» Data entries
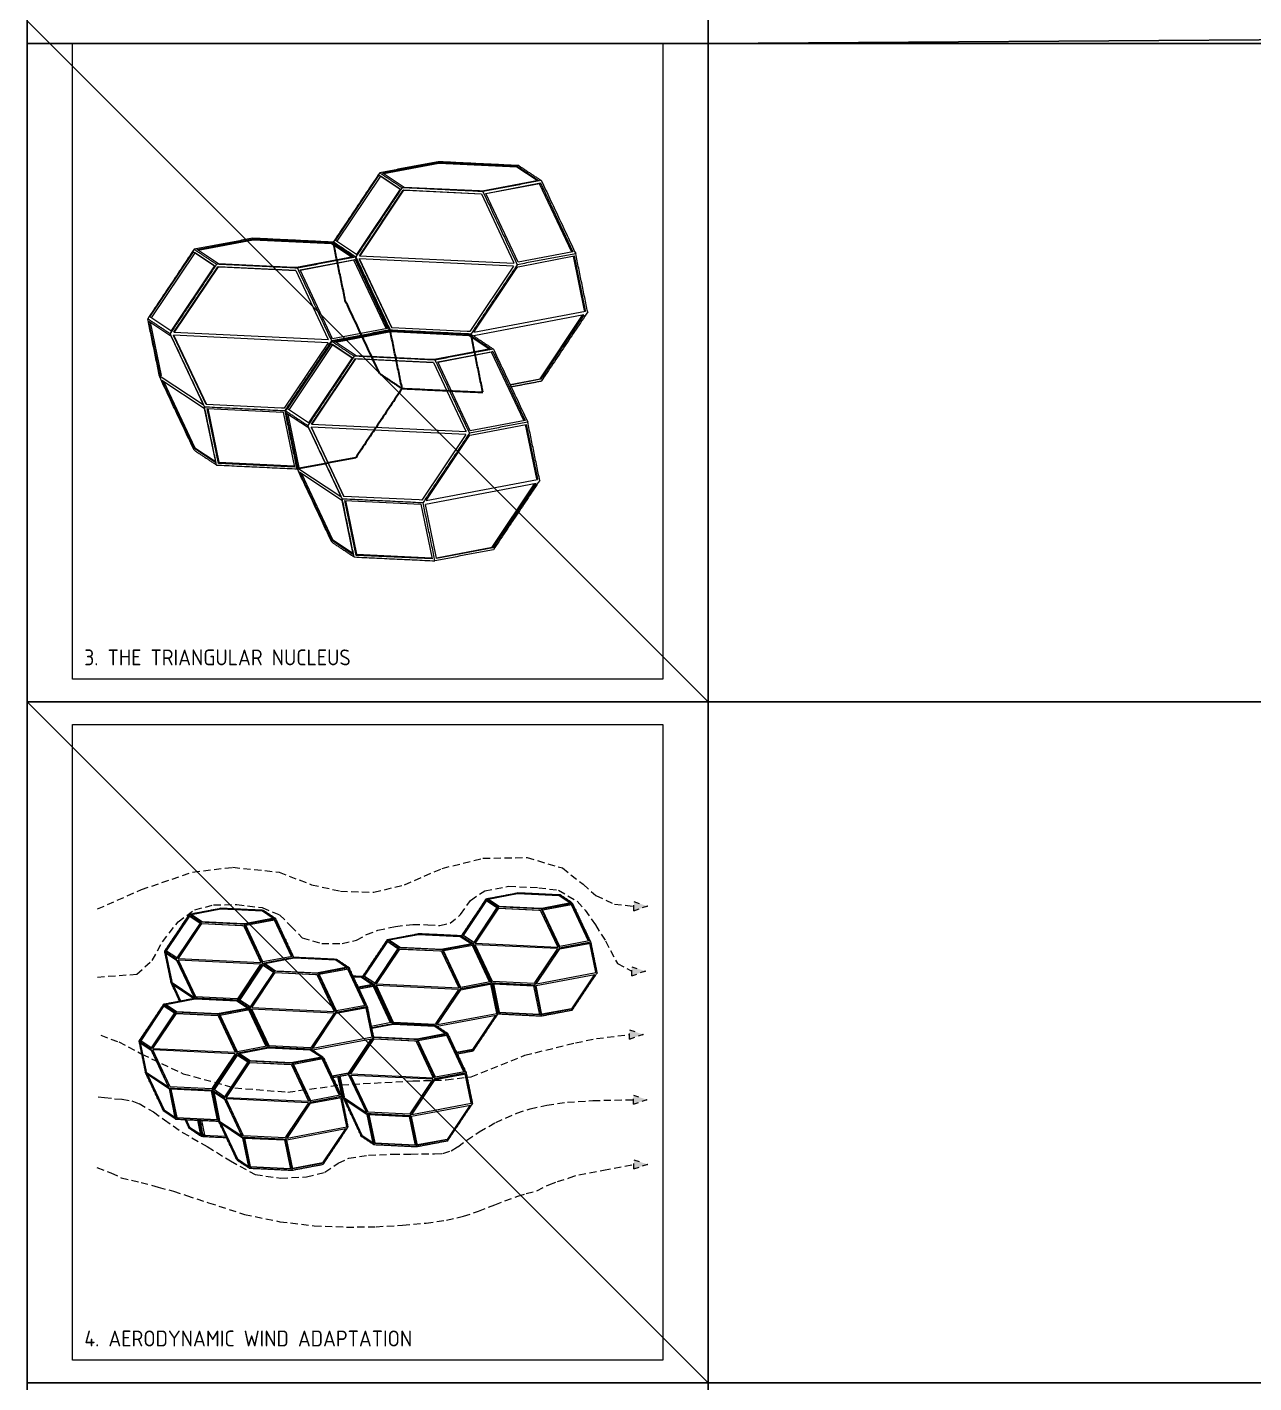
# Model space of a CAD drawing. Header units: millimetres. Extents: x 551 to 27551, y 6116 to 15116.
# Drawn here: x 551 to 3252, y 7616 to 10602 of the extents above; entities that cross this region are included whole.
import ezdxf

# ---------------------------------------------------------------- set-up
doc = ezdxf.new("R2010")
doc.units = ezdxf.units.MM
doc.linetypes.add('ACAD_ISO03W100', pattern=[30, 12, -18])
doc.linetypes.add('HIDDEN2', pattern=[4.7625, 3.175, -1.5875])
for name, color, linetype, lineweight in [('1ST', 51, 'Continuous', 18), ('2ND', 201, 'Continuous', 15), ('3RD', 140, 'Continuous', 13), ('4TH DETAILS', 125, 'Continuous', 9), ('TEXTS', 210, 'Continuous', 9)]:
    doc.layers.add(name, color=color, linetype=linetype, lineweight=lineweight)
doc.layers.add('LAYOUT', color=83, linetype='Continuous', plot=False)
doc.styles.get("Standard").update_dxf_attribs({"font": 'arial.ttf'})

# ---------------------------------------------------------------- blocks, each defined once
blk = doc.blocks.new('A$Cddddb582')
at = {"color": 0, "linetype": 'Continuous', "lineweight": 0, "extrusion": (0, 0.982622, 0.185618)}
for p, q in [((-30.52, 360.05), (-30.29, 360.1)), ((-30.43, 359.99), (-30.52, 360.05)), ((-27.97, 358.36), (-30.43, 359.99)), ((-23.89, 361.16), (-30.35, 359.94)), ((-30.29, 360.1), (-23.89, 361.31)), ((-23.89, 361.31), (-15.03, 360.89)), ((-23.89, 361.16), (-23.89, 361.31)), ((-14.72, 360.72), (-23.89, 361.16)), ((-15.03, 360.89), (-14.72, 360.87)), ((-14.72, 360.87), (-12.17, 359.18)), ((-14.72, 360.72), (-14.72, 360.87)), ((-12.34, 359.15), (-14.72, 360.72)), ((-36.04, 352.12), (-30.92, 359.77)), ((-30.75, 359.67), (-35.88, 352.02)), ((-30.92, 359.77), (-30.91, 359.78)), ((-30.91, 359.78), (-28.43, 358.13)), ((-30.91, 359.78), (-30.75, 359.67)), ((-28.43, 358.13), (-30.75, 359.67)), ((-19.11, 357.94), (-27.97, 358.36)), ((-12.17, 359.18), (-18.8, 357.92)), ((-18.38, 357.65), (-11.94, 358.87)), ((-12.06, 358.78), (-18.35, 357.58)), ((-11.94, 358.87), (-12.06, 358.78)), ((-8.28, 350.76), (-12.06, 358.78)), ((-11.94, 358.87), (-8.14, 350.78)), ((-28.43, 358.13), (-33.56, 350.47)), ((-33.22, 350.33), (-28.06, 358.03)), ((-28.03, 358.01), (-33.17, 350.32)), ((-28.03, 358.01), (-28.06, 358.03)), ((-28.06, 358.03), (-27.75, 358.02)), ((-18.88, 357.57), (-28.03, 358.01)), ((-27.75, 358.02), (-18.89, 357.59)), ((-18.8, 357.92), (-19.11, 357.94)), ((-18.89, 357.59), (-15.12, 349.57)), ((-14.58, 349.56), (-18.38, 357.65)), ((-45.68, 352.17), (-52.14, 350.95)), ((-52.08, 351.11), (-45.68, 352.32)), ((-45.68, 352.32), (-36.83, 351.9)), ((-45.68, 352.17), (-45.68, 352.32)), ((-36.51, 351.73), (-45.68, 352.17)), ((-33.56, 350.48), (-36.04, 352.12)), ((-57.83, 343.13), (-52.71, 350.78)), ((-52.55, 350.68), (-57.67, 343.03)), ((-52.71, 350.79), (-50.23, 349.14)), ((-52.71, 350.79), (-52.55, 350.68)), ((-52.71, 350.78), (-52.71, 350.79)), ((-50.23, 349.14), (-52.55, 350.68)), ((-52.31, 351.06), (-52.08, 351.11)), ((-52.22, 351), (-52.31, 351.06)), ((-49.76, 349.37), (-52.22, 351)), ((-36.83, 351.9), (-36.51, 351.88)), ((-36.51, 351.88), (-33.96, 350.19)), ((-36.51, 351.73), (-36.51, 351.88)), ((-34.14, 350.16), (-36.51, 351.73)), ((-33.56, 350.47), (-33.56, 350.48)), ((-8.14, 350.78), (-14.58, 349.56)), ((-50.23, 349.14), (-55.35, 341.48)), ((-55.01, 341.34), (-49.86, 349.04)), ((-49.82, 349.02), (-54.96, 341.33)), ((-49.82, 349.02), (-49.86, 349.04)), ((-49.86, 349.04), (-49.54, 349.02)), ((-40.67, 348.58), (-49.82, 349.02)), ((-40.91, 348.95), (-49.76, 349.37)), ((-49.54, 349.02), (-40.68, 348.6)), ((-40.59, 348.93), (-40.91, 348.95)), ((-33.96, 350.19), (-40.59, 348.93)), ((-40.18, 348.66), (-33.73, 349.88)), ((-33.85, 349.79), (-40.15, 348.59)), ((-33.73, 349.88), (-33.85, 349.79)), ((-30.08, 341.77), (-33.85, 349.79)), ((-33.73, 349.88), (-29.93, 341.79)), ((-33.24, 349.97), (-33.21, 349.94)), ((-33.2, 349.87), (-33.24, 349.97)), ((-15.1, 349.1), (-33.24, 349.97)), ((-33.22, 350.33), (-15.07, 349.46)), ((-33.21, 349.94), (-29.4, 341.85)), ((-29.42, 341.85), (-33.2, 349.87)), ((-15.1, 349.1), (-20.25, 341.41)), ((-19.77, 341.35), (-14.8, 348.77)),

» WORK ORDER
What's needed here is an exact repeat of all the records above, pictures excluded.

» RESULT
# Model space of a CAD drawing. Header units: millimetres. Extents: x 551 to 27551, y 6116 to 15116.
# Drawn here: x 551 to 3252, y 7616 to 10602 of the extents above; entities that cross this region are included whole.
import ezdxf

# ---------------------------------------------------------------- set-up
doc = ezdxf.new("R2010")
doc.units = ezdxf.units.MM
doc.linetypes.add('ACAD_ISO03W100', pattern=[30, 12, -18])
doc.linetypes.add('HIDDEN2', pattern=[4.7625, 3.175, -1.5875])
for name, color, linetype, lineweight in [('1ST', 51, 'Continuous', 18), ('2ND', 201, 'Continuous', 15), ('3RD', 140, 'Continuous', 13), ('4TH DETAILS', 125, 'Continuous', 9), ('TEXTS', 210, 'Continuous', 9)]:
    doc.layers.add(name, color=color, linetype=linetype, lineweight=lineweight)
doc.layers.add('LAYOUT', color=83, linetype='Continuous', plot=False)
doc.styles.get("Standard").update_dxf_attribs({"font": 'arial.ttf'})

# ---------------------------------------------------------------- blocks, each defined once
blk = doc.blocks.new('A$Cddddb582')
at = {"color": 0, "linetype": 'Continuous', "lineweight": 0, "extrusion": (0, 0.982622, 0.185618)}
for p, q in [((-30.52, 360.05), (-30.29, 360.1)), ((-30.43, 359.99), (-30.52, 360.05)), ((-27.97, 358.36), (-30.43, 359.99)), ((-23.89, 361.16), (-30.35, 359.94)), ((-30.29, 360.1), (-23.89, 361.31)), ((-23.89, 361.31), (-15.03, 360.89)), ((-23.89, 361.16), (-23.89, 361.31)), ((-14.72, 360.72), (-23.89, 361.16)), ((-15.03, 360.89), (-14.72, 360.87)), ((-14.72, 360.87), (-12.17, 359.18)), ((-14.72, 360.72), (-14.72, 360.87)), ((-12.34, 359.15), (-14.72, 360.72)), ((-36.04, 352.12), (-30.92, 359.77)), ((-30.75, 359.67), (-35.88, 352.02)), ((-30.92, 359.77), (-30.91, 359.78)), ((-30.91, 359.78), (-28.43, 358.13)), ((-30.91, 359.78), (-30.75, 359.67)), ((-28.43, 358.13), (-30.75, 359.67)), ((-19.11, 357.94), (-27.97, 358.36)), ((-12.17, 359.18), (-18.8, 357.92)), ((-18.38, 357.65), (-11.94, 358.87)), ((-12.06, 358.78), (-18.35, 357.58)), ((-11.94, 358.87), (-12.06, 358.78)), ((-8.28, 350.76), (-12.06, 358.78)), ((-11.94, 358.87), (-8.14, 350.78)), ((-28.43, 358.13), (-33.56, 350.47)), ((-33.22, 350.33), (-28.06, 358.03)), ((-28.03, 358.01), (-33.17, 350.32)), ((-28.03, 358.01), (-28.06, 358.03)), ((-28.06, 358.03), (-27.75, 358.02)), ((-18.88, 357.57), (-28.03, 358.01)), ((-27.75, 358.02), (-18.89, 357.59)), ((-18.8, 357.92), (-19.11, 357.94)), ((-18.89, 357.59), (-15.12, 349.57)), ((-14.58, 349.56), (-18.38, 357.65)), ((-45.68, 352.17), (-52.14, 350.95)), ((-52.08, 351.11), (-45.68, 352.32)), ((-45.68, 352.32), (-36.83, 351.9)), ((-45.68, 352.17), (-45.68, 352.32)), ((-36.51, 351.73), (-45.68, 352.17)), ((-33.56, 350.48), (-36.04, 352.12)), ((-57.83, 343.13), (-52.71, 350.78)), ((-52.55, 350.68), (-57.67, 343.03)), ((-52.71, 350.79), (-50.23, 349.14)), ((-52.71, 350.79), (-52.55, 350.68)), ((-52.71, 350.78), (-52.71, 350.79)), ((-50.23, 349.14), (-52.55, 350.68)), ((-52.31, 351.06), (-52.08, 351.11)), ((-52.22, 351), (-52.31, 351.06)), ((-49.76, 349.37), (-52.22, 351)), ((-36.83, 351.9), (-36.51, 351.88)), ((-36.51, 351.88), (-33.96, 350.19)), ((-36.51, 351.73), (-36.51, 351.88)), ((-34.14, 350.16), (-36.51, 351.73)), ((-33.56, 350.47), (-33.56, 350.48)), ((-8.14, 350.78), (-14.58, 349.56)), ((-50.23, 349.14), (-55.35, 341.48)), ((-55.01, 341.34), (-49.86, 349.04)), ((-49.82, 349.02), (-54.96, 341.33)), ((-49.82, 349.02), (-49.86, 349.04)), ((-49.86, 349.04), (-49.54, 349.02)), ((-40.67, 348.58), (-49.82, 349.02)), ((-40.91, 348.95), (-49.76, 349.37)), ((-49.54, 349.02), (-40.68, 348.6)), ((-40.59, 348.93), (-40.91, 348.95)), ((-33.96, 350.19), (-40.59, 348.93)), ((-40.18, 348.66), (-33.73, 349.88)), ((-33.85, 349.79), (-40.15, 348.59)), ((-33.73, 349.88), (-33.85, 349.79)), ((-30.08, 341.77), (-33.85, 349.79)), ((-33.73, 349.88), (-29.93, 341.79)), ((-33.24, 349.97), (-33.21, 349.94)), ((-33.2, 349.87), (-33.24, 349.97)), ((-15.1, 349.1), (-33.24, 349.97)), ((-33.22, 350.33), (-15.07, 349.46)), ((-33.21, 349.94), (-29.4, 341.85)), ((-29.42, 341.85), (-33.2, 349.87)), ((-15.1, 349.1), (-20.25, 341.41)), ((-19.77, 341.35), (-14.8, 348.77)),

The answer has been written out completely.